[Items from a data source]
::::::::

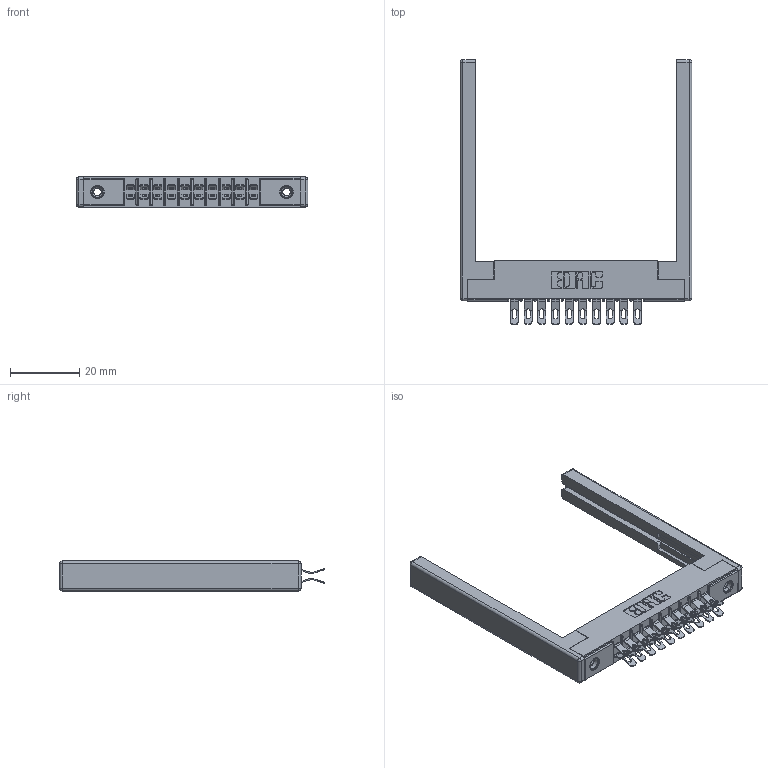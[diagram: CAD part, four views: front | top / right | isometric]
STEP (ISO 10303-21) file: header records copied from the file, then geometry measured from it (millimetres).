
FILE_DESCRIPTION (( 'STEP AP203' ), '1' );
FILE_NAME ('315-020-555-268.STEP', '2019-09-10T14:17:31', ( '' ), ( '' ), 'SwSTEP 2.0', 'SolidWorks 2016', '' );
FILE_SCHEMA (( 'CONFIG_CONTROL_DESIGN' ));
Length unit declared in the file: inch
Products named in the file (5): 315-020-555-268; 345-250-001_345-250-001-102; 305-290-001_555; 307-220-068; 305 Part_.156 Dia
Assembly tree (25 placements, depth 2):
  315-020-555-268
    305 Part_.156 Dia
    305-290-001_555  x20
    345-250-001_345-250-001-102  x2
    307-220-068  x2
Bounding box: 67.06 x 76.71 x 8.71 mm (x, y, z)
Volume: 8860.3 mm3; surface area: 11749 mm2
Topology: 25 solids, 25 shells, 1590 faces, 4656 edges, 3028 vertices
Faces by surface type: plane 796, cylinder 730, sphere 48, cone 12, torus 4
Entity records: 18106 total; most frequent: CARTESIAN_POINT 2987, ORIENTED_EDGE 2942, DIRECTION 2929, EDGE_CURVE 1471, VECTOR 1125, LINE 1125, VERTEX_POINT 944, AXIS2_PLACEMENT_3D 902

::::::::

Although the records contain pictures, your copy should hold only the text, reproduced exactly.

Result of this task:
[diagram: CAD part, four views: front | top / right | isometric]
STEP (ISO 10303-21) file: header records copied from the file, then geometry measured from it (millimetres).
FILE_DESCRIPTION (( 'STEP AP203' ), '1' );
FILE_NAME ('315-020-555-268.STEP', '2019-09-10T14:17:31', ( '' ), ( '' ), 'SwSTEP 2.0', 'SolidWorks 2016', '' );
FILE_SCHEMA (( 'CONFIG_CONTROL_DESIGN' ));
Length unit declared in the file: inch
Products named in the file (5): 315-020-555-268; 345-250-001_345-250-001-102; 305-290-001_555; 307-220-068; 305 Part_.156 Dia
Assembly tree (25 placements, depth 2):
  315-020-555-268
    305 Part_.156 Dia
    305-290-001_555  x20
    345-250-001_345-250-001-102  x2
    307-220-068  x2
Bounding box: 67.06 x 76.71 x 8.71 mm (x, y, z)
Volume: 8860.3 mm3; surface area: 11749 mm2
Topology: 25 solids, 25 shells, 1590 faces, 4656 edges, 3028 vertices
Faces by surface type: plane 796, cylinder 730, sphere 48, cone 12, torus 4
Entity records: 18106 total; most frequent: CARTESIAN_POINT 2987, ORIENTED_EDGE 2942, DIRECTION 2929, EDGE_CURVE 1471, VECTOR 1125, LINE 1125, VERTEX_POINT 944, AXIS2_PLACEMENT_3D 902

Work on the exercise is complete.